What made you feel compelled to take on the role of superintendent, and what keeps you in that position?
Joe believes in the call to leadership and that it chooses you. He noted that once you get an opportunity, it is important to cultivate it. He did not really choose the superintendency as he was in the district for six months as a building principal when the interim superintendent decided to leave, and he was promoted.
What keeps him in his role is that he believes they are doing good work. Joe love that teachers feel like they have a platform that’s bigger than the school to promote and celebrate what they do. He is invigorated that staff like to see #GoCrickets all over the place, and that Fall Creek is known where it likely shouldn’t be. He wants to remain to see their work to the next level.
What are strategies you use to maintain balance in your life?
In an unfiltered way, Joe noted that this question is bogus because he has no balance. When prompted further, he did indicate strategies, but this was a reflective question for him. I was able to tease out some elements, such as no phone with kids for periods of time, shutting off from obligations once kids are in bed with his wife, Andrea, to watch mindless television, communicating while on the road, so when he returns, he can be present, and working in the same district as his own kids all allow for him to find pieces of balance in a variety of aspects of life.

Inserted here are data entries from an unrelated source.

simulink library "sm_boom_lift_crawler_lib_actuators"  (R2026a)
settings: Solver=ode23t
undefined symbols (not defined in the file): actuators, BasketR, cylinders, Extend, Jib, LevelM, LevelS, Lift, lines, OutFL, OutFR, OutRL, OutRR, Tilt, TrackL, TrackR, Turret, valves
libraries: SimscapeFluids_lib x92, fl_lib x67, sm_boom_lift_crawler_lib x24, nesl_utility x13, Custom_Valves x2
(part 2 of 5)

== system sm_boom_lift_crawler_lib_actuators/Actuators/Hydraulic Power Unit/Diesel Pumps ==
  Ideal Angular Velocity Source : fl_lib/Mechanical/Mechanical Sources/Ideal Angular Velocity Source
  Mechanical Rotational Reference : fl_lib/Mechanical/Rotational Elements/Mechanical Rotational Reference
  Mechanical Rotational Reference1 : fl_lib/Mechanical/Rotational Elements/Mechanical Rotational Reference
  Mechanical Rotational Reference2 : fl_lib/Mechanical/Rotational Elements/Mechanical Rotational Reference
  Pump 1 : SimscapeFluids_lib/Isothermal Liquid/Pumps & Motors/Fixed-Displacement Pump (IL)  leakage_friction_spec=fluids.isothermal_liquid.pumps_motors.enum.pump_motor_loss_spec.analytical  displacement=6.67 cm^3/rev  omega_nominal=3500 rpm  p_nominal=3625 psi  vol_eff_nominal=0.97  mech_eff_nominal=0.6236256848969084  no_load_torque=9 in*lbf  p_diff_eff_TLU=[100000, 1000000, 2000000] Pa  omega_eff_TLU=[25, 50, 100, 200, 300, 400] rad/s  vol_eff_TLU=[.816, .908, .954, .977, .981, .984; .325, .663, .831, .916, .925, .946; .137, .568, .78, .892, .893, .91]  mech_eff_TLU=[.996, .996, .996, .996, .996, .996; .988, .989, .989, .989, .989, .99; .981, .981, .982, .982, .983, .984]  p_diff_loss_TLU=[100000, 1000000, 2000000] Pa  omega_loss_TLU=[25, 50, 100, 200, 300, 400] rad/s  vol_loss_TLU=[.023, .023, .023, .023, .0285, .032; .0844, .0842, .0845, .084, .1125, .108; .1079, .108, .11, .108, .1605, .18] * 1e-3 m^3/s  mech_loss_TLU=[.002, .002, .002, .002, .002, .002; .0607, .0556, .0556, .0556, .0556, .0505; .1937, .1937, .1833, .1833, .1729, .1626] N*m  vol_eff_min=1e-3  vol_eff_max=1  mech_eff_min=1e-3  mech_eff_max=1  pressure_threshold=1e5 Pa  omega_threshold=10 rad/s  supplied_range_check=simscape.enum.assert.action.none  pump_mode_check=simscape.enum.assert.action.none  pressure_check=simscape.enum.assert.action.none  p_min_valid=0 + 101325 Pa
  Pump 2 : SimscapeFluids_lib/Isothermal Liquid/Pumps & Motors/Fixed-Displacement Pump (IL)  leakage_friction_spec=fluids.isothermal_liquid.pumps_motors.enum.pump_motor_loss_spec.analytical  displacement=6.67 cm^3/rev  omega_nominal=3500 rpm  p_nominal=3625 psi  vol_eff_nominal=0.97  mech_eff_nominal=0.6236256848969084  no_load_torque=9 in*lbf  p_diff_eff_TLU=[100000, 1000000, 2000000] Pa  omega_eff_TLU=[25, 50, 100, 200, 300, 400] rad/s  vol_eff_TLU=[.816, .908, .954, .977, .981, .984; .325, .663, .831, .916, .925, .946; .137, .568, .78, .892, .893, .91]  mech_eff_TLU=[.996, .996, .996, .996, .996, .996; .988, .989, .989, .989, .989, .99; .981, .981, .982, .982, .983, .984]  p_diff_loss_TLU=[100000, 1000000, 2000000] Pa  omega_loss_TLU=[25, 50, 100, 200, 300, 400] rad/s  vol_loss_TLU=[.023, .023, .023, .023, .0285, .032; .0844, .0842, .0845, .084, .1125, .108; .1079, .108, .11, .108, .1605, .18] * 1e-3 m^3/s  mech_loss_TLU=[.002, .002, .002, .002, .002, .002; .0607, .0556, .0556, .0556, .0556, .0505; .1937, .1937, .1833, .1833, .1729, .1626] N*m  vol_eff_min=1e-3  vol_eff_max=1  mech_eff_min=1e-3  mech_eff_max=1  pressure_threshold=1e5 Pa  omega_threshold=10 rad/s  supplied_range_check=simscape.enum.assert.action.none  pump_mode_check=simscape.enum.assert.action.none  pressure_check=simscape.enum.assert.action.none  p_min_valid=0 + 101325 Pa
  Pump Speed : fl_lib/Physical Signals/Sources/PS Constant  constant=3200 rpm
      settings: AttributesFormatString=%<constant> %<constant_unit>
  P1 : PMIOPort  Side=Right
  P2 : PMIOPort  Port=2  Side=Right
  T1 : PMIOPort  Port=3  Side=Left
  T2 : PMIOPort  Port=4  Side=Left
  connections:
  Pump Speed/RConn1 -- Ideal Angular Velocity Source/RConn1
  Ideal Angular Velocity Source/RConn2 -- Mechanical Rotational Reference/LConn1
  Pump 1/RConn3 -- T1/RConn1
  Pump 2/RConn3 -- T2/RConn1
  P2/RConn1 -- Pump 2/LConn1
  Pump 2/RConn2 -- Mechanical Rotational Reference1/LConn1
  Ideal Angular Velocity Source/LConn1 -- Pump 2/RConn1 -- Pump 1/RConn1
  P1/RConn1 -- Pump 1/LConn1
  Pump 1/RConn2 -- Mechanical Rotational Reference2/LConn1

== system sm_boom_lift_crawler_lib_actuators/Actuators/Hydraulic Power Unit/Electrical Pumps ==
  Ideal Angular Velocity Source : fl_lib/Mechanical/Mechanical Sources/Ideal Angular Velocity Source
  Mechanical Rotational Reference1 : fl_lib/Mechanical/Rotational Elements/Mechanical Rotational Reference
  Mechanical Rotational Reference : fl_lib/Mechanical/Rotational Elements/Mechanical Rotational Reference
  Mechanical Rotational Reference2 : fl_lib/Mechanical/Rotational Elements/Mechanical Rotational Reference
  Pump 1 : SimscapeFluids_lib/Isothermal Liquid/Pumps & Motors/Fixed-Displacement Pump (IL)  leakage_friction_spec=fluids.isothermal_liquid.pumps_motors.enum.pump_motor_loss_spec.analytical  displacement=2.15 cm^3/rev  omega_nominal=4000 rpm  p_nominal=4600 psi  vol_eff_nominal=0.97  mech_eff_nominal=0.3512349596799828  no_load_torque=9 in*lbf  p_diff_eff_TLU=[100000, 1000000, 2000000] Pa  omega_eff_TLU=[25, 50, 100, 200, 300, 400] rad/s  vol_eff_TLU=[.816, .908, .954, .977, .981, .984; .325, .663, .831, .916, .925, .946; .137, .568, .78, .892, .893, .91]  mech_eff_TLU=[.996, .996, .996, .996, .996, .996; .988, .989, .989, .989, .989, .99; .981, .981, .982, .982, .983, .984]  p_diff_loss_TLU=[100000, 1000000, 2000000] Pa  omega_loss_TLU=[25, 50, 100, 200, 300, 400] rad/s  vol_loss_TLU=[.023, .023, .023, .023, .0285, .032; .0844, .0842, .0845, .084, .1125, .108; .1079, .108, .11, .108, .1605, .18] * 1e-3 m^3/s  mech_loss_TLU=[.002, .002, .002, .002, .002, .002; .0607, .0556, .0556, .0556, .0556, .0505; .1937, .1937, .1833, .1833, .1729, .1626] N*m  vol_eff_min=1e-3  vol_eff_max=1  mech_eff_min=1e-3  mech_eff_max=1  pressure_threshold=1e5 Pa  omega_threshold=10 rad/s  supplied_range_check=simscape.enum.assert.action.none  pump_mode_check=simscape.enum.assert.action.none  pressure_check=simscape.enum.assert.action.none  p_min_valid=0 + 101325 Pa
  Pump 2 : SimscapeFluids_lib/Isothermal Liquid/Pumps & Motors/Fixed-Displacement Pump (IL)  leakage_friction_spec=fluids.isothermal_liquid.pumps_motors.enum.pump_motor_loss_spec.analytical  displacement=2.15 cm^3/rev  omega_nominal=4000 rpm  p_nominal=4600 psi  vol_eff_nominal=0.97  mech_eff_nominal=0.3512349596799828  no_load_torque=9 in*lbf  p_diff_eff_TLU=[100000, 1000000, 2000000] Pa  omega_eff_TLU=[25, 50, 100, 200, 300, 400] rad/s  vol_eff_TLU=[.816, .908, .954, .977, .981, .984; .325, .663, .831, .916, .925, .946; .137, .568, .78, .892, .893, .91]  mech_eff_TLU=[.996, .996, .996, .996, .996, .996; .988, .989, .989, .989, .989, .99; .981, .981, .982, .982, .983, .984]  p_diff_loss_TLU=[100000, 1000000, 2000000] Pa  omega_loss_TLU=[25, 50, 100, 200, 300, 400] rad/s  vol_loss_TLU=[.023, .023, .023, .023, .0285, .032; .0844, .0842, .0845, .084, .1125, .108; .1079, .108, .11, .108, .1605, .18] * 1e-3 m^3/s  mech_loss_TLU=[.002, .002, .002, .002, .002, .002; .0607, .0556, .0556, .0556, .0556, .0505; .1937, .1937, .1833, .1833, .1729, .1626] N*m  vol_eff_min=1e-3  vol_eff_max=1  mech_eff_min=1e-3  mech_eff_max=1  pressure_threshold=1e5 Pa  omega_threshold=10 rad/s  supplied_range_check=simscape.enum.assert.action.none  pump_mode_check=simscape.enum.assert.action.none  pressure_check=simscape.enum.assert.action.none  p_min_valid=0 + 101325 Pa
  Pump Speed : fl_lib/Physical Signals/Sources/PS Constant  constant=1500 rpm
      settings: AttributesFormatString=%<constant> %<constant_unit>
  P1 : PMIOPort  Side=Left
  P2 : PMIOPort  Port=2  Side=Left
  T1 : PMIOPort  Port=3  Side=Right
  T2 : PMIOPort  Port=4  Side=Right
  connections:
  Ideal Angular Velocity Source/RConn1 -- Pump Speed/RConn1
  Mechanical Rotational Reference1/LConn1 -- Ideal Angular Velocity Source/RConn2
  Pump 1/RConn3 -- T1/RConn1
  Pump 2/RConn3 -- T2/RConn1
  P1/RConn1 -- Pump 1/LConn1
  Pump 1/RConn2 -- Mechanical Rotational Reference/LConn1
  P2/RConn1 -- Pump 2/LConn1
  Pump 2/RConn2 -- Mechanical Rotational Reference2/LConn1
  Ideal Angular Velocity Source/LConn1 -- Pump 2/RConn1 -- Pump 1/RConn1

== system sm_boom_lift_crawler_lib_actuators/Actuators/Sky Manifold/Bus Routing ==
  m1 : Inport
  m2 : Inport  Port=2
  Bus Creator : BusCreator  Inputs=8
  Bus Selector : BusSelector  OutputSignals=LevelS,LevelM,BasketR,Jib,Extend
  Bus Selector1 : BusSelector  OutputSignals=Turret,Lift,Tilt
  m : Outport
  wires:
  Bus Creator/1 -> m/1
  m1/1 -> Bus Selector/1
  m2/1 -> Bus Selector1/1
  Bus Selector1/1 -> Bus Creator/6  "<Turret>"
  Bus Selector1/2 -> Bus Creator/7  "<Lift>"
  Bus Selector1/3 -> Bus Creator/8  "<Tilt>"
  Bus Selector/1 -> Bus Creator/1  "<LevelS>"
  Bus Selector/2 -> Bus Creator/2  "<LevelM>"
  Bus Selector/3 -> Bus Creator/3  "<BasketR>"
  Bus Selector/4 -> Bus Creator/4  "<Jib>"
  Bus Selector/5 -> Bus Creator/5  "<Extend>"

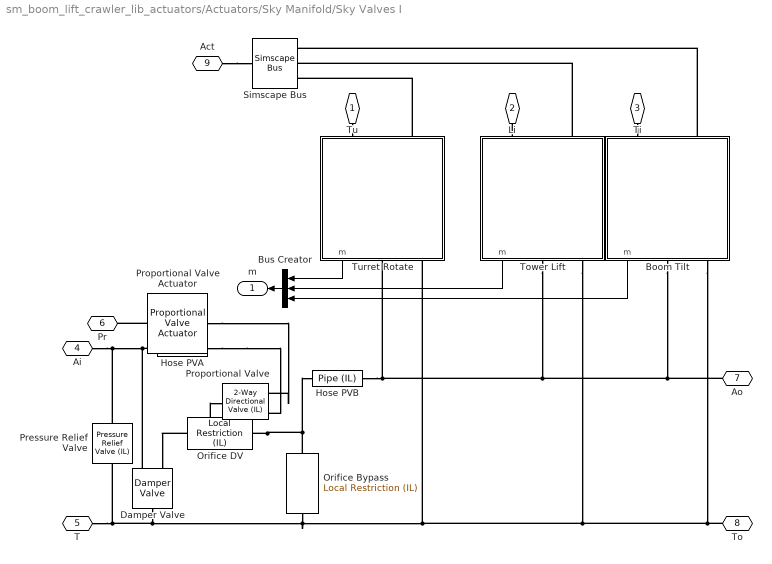
== system sm_boom_lift_crawler_lib_actuators/Actuators/Sky Manifold/Sky Valves I ==
  Boom Tilt : Subsystem
      mask Display: image('sh014.svg')
  Bus Creator : BusCreator  Inputs=3
  Damper Valve : Custom_Valves/Damper Valve  sMax=valves.control.l.max  T=2e-2  AMax=orifices.sky.d1.s  pCrack=25  pMax=75
  Hose PVA : SimscapeFluids_lib/Isothermal Liquid/Pipes & Fittings/Pipe (IL)  dynamic_compressibility=true  inertia=false  num_segments=1  pipe_length=lines.sky.main.l ft  cross_section_geometry=fluids.isothermal_liquid.pipes_fittings.enum.cross_section_geometry.circular  pipe_diameter=lines.sky.main.d.p in  pipe_inner_diameter=0.05 m  pipe_outer_diameter=0.1 m  pipe_width=0.1 m  pipe_height=0.1 m  pipe_major_axis=0.1 m  pipe_minor_axis=0.05 m  pipe_side=0.1 m  pipe_angle=30 deg  pipe_area=1e-4 m^2  Dh=1.12e-2 m  elevation_spec=foundation.enum.constant_variable.constant  elevation_gain=0 m  gravity_spec=foundation.enum.constant_variable.constant  g=9.81 m/s^2  pressure_loss_spec=fluids.isothermal_liquid.pipes_fittings.enum.pressure_loss_spec.haaland  mdot_nominal=[.1, 1] kg/s  p_diff_nominal=[.001, .01] MPa  mdot_threshold=1e-6 kg/s  local_pressure_loss_spec=fluids.isothermal_liquid.pipes_fittings.enum.local_loss_spec.aggregate_length  length_add=lines.sky.main.lr ft  loss_coefficient=0.1  roughness_spec=fluids.isothermal_liquid.pipes_fittings.enum.roughness_spec.custom  roughness=15e-6 m  Re_friction_TLU=[400, 1000, 1500, 3000, 4000, 6000, 10000, 20000, 40000, 60000, 100000, 100000000]  friction_factor_TLU=[.264, .112, .071, .0417, .0387, .0268, .025, .0232, .0226, .022, .0214, .0214]  Re_lam=2000  Re_tur=4000  shape_factor=64  pipe_wall_spec=fluids.isothermal_liquid.pipes_fittings.enum.wall_spec.rigid  vol_expansion_spec=fluids.isothermal_liquid.pipes_fittings.enum.vol_expansion_spec.area  area_pressure_gain=1e-6 m^2/MPa  static_pressure_TLU=[.1, 1] MPa  area_pressure_gain_TLU=[1e-05, 1.1e-05] m^2  material_behavior_spec=fluids.isothermal_liquid.pipes_fittings.enum.PipeMaterialBehavior.Linear  diameter_pressure_gain=2e-12 m/Pa  wall_thickness=0.05 m  elastic_modulus=69 GPa  stress_TLU=[276, 310] MPa  strain_TLU=[.004, .02]  stress_assert_action=simscape.enum.assert.action.none  stress_max=400 MPa  poisson_ratio=0.33  wall_time_constant=0.01 s  p0=lines.sky.main.p0 + 14.6959 psi  mdot0=0 kg/s
  Hose PVB : SimscapeFluids_lib/Isothermal Liquid/Pipes & Fittings/Pipe (IL)  dynamic_compressibility=true  inertia=false  num_segments=1  pipe_length=lines.sky.main.l ft  cross_section_geometry=fluids.isothermal_liquid.pipes_fittings.enum.cross_section_geometry.circular  pipe_diameter=lines.sky.main.d.p in  pipe_inner_diameter=0.05 m  pipe_outer_diameter=0.1 m  pipe_width=0.1 m  pipe_height=0.1 m  pipe_major_axis=0.1 m  pipe_minor_axis=0.05 m  pipe_side=0.1 m  pipe_angle=30 deg  pipe_area=1e-4 m^2  Dh=1.12e-2 m  elevation_spec=foundation.enum.constant_variable.constant  elevation_gain=0 m  gravity_spec=foundation.enum.constant_variable.constant  g=9.81 m/s^2  pressure_loss_spec=fluids.isothermal_liquid.pipes_fittings.enum.pressure_loss_spec.haaland  mdot_nominal=[.1, 1] kg/s  p_diff_nominal=[.001, .01] MPa  mdot_threshold=1e-6 kg/s  local_pressure_loss_spec=fluids.isothermal_liquid.pipes_fittings.enum.local_loss_spec.aggregate_length  length_add=lines.sky.main.lr ft  loss_coefficient=0.1  roughness_spec=fluids.isothermal_liquid.pipes_fittings.enum.roughness_spec.custom  roughness=15e-6 m  Re_friction_TLU=[400, 1000, 1500, 3000, 4000, 6000, 10000, 20000, 40000, 60000, 100000, 100000000]  friction_factor_TLU=[.264, .112, .071, .0417, .0387, .0268, .025, .0232, .0226, .022, .0214, .0214]  Re_lam=2000  Re_tur=4000  shape_factor=64  pipe_wall_spec=fluids.isothermal_liquid.pipes_fittings.enum.wall_spec.rigid  vol_expansion_spec=fluids.isothermal_liquid.pipes_fittings.enum.vol_expansion_spec.area  area_pressure_gain=1e-6 m^2/MPa  static_pressure_TLU=[.1, 1] MPa  area_pressure_gain_TLU=[1e-05, 1.1e-05] m^2  material_behavior_spec=fluids.isothermal_liquid.pipes_fittings.enum.PipeMaterialBehavior.Linear  diameter_pressure_gain=2e-12 m/Pa  wall_thickness=0.05 m  elastic_modulus=69 GPa  stress_TLU=[276, 310] MPa  strain_TLU=[.004, .02]  stress_assert_action=simscape.enum.assert.action.none  stress_max=400 MPa  poisson_ratio=0.33  wall_time_constant=0.01 s  p0=lines.sky.main.p0 + 14.6959 psi  mdot0=0 kg/s
  Orifice Bypass : fl_lib/Isothermal Liquid/Elements/Local Restriction (IL)  restriction_type=1  restriction_area=orifices.sky.d1.s in^2  min_area=1e-10 m^2  max_area=0.005 m^2  area=inf in^2  Cd=0.7  Re_c=150  pressure_recovery=simscape.enum.onoff.off
  Orifice DV : fl_lib/Isothermal Liquid/Elements/Local Restriction (IL)  restriction_type=1  restriction_area=orifices.sky.d1.s in^2  min_area=1e-10 m^2  max_area=0.005 m^2  area=inf in^2  Cd=0.7  Re_c=150  pressure_recovery=simscape.enum.onoff.off
  Pressure Relief Valve : SimscapeFluids_lib/Isothermal Liquid/Valves & Orifices/Pressure Control Valves/Pressure Relief Valve (IL)  set_pressure_spec=foundation.enum.constant_controlled.constant  opening_spec=1  pressure_spec=fluids.isothermal_liquid.valves_orifices.enum.pressure_control_spec.dp  p_set_gauge=0.1 MPa  p_set_differential=valves.relief.p.main psi  p_range=valves.relief.dp psi  area_max=lines.sky.main.s.p in^2  area_leak=1e-12 m^2  p_diff_TLU=[30.15e5 : 15e3 : 31.35e5] Pa  p_gauge_TLU=[0.2 : 0.2 : 1.2] MPa  valve_area_TLU=[1 : 1 : 9] .* 1e-5 m^2  vol_flow_TLU=[1e-09, 3.6e-05, 8.9e-05, .00015, .00023, .00031] m^3/s  area=inf m^2  Cd=0.7  Re_c=150  smoothing_factor=0.01  pressure_recovery=false  opening_dynamics=1  tau=2e-2 s
  Proportional Valve : SimscapeFluids_lib/Isothermal Liquid/Valves & Orifices/Directional Control Valves/2-Way Directional Valve (IL)  valve_spec=1  S_max=-(0) + (valves.control.l.max) in  del_S_max=0.00064516*(-(0) + (valves.control.l.max)) - ((valves.control.l.max)/(lines.sky.main.s.p)*(1e-12) - 0.00064516*(0)) m^2/in  area_max=lines.sky.main.s.p in^2  area_leak=1e-12 m^2  del_S_TLU="[0       0.002       0.004       0.007       0.017] m"  orifice_area_TLU=[1e-09, 2.0352e-07, 4.0736e-05, .00011438, .00034356] m^2  del_S_vol_flow_TLU="[0       0.002       0.004       0.007       0.017] m"  p_diff_TLU=[-10000000, -5000000, -2000000, 2000000, 5000000, 10000000] Pa  vol_flow_TLU=[-1e-07, -7.0711e-08, -4.4721e-08, 4.4721e-08, 7.0711e-08, 1e-07; -2.0352e-05, -1.4391e-05, -9.1017e-06, 9.1017e-06, 1.4391e-05, 2.0352e-05; -.0040736, -.0028805, -.0018218, .0018218, .0028805, .0040736; -.011438, -.0080879, -.0051152, .0051152, .0080879, .011438; -.034356, -.024293, -.015364, .015364, .024293, .034356] m^3/s  Cd=0.7  Re_c=150  smoothing_factor=0.001  pressure_recovery=false  area=inf m^2
  "Proportional Valve Actuator " : SimscapeFluids_lib/Valve Actuators/Proportional Valve Actuator  gain=1 in  time_constant=valves.control.tau.d s  valve_stroke=valves.control.l.max in
  Simscape Bus : SimscapeBus  HierarchyStrings=Tilt;Lift;Turret
  Tower Lift : Subsystem
      mask Display: image('sh014.svg')
  Turret Rotate : Subsystem
      mask Display: image('sh013.svg')
  Tu : PMIOPort  Side=Left
  Li : PMIOPort  Port=2  Side=Left
  Ti : PMIOPort  Port=3  Side=Left
  Ai : PMIOPort  Port=4  Side=Right
  T : PMIOPort  Port=5  Side=Right
  Pr : PMIOPort  Port=6  Side=Left
  Ao : PMIOPort  Port=7  Side=Right
  To : PMIOPort  Port=8  Side=Right
  Act : PMIOPort  Port=9  Side=Left
  m : Outport
  wires:
  Boom Tilt/1(m) -> Bus Creator/3
  Bus Creator/1 -> m/1
  Turret Rotate/1(m) -> Bus Creator/1
  Tower Lift/1(m) -> Bus Creator/2
  connections:
  Act/RConn1 -- Simscape Bus/RConn1
  Boom Tilt/LConn2 -- Simscape Bus/LConn1
  Tower Lift/LConn2 -- Simscape Bus/LConn2
  Turret Rotate/LConn2 -- Simscape Bus/LConn3
  Hose PVA/RConn1 -- Proportional Valve/LConn2
  Turret Rotate/RConn1 -- Ao/RConn1 -- Boom Tilt/RConn1 -- Tower Lift/RConn1 -- Hose PVB/RConn1
  Pressure Relief Valve/RConn1 -- T/RConn1 -- Damper Valve/RConn1 -- Orifice Bypass/RConn1 -- To/RConn1 -- Boom Tilt/RConn2 -- Tower Lift/RConn2 -- Turret Rotate/RConn2
  Hose PVA/LConn1 -- Ai/RConn1 -- Pressure Relief Valve/LConn1 -- Damper Valve/LConn1
  "Proportional Valve Actuator "/RConn1 -- Proportional Valve/LConn1
  Tu/RConn1 -- Turret Rotate/LConn1
  Tower Lift/LConn1 -- Li/RConn1
  Ti/RConn1 -- Boom Tilt/LConn1
  "Proportional Valve Actuator "/LConn1 -- Pr/RConn1
  Orifice Bypass/LConn1 -- Hose PVB/LConn1 -- Proportional Valve/RConn1 -- Orifice DV/LConn1
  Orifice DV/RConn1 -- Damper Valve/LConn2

Joe noted that he is transparent with his board regarding the pace at which he functions. They know he will burn out, but he also knows no other way to lead.
Reflecting upon how this interview influenced my perception of a school board and superintendent, I have discovered more interest and hope for a potential career at the district level. As a building level administrator, I have witnessed plenty of interactions between four very different superintendents and an incredible variety of boards. I have also engaged with a variety of board members and whole boards. Up to this point, my views have not been completely sorted out, and they still remain skeptical in regard to whether this leadership role is one I would fit. Joe’s take on the relationship between the superintendent and the school board is one that I tend to align well in thinking. In practice, I have seen how there are varied approaches to this, and for further knowledge, it would be helpful to witness how he approaches those relationships. From an outside perspective, the relationship seems healthy, trusting, and transparent. If this ability exists there, it can certainly exist anywhere. All communities have individuals who are willing to lead on a board. What I have learned in practice is that motivations lie very differently for people who run for school board, and the impact on a learning community is great depending upon whether or not a board functions in a healthy way. From this interview, it is clear that if a leader has a solid vision, carries it out consistently, adheres to core tenants, and finds the right match, the best level of performance can certainly thrive. Overall, this interview solidified for me that there are passionate leaders out there that are living the day to day grind, but focusing on their purpose, seeking their joy, amplifying their people, and multiplying leaders. If I were to be in this district level role, that is the ultimate goal. I never want to be stuck in the cycle of politics, drudged down in reactive processes, and drained away from students. Joe’s approach to the superintendency is on point with how I see a superintendent making an impact, and I hope to emulate that performance if ever called to that position.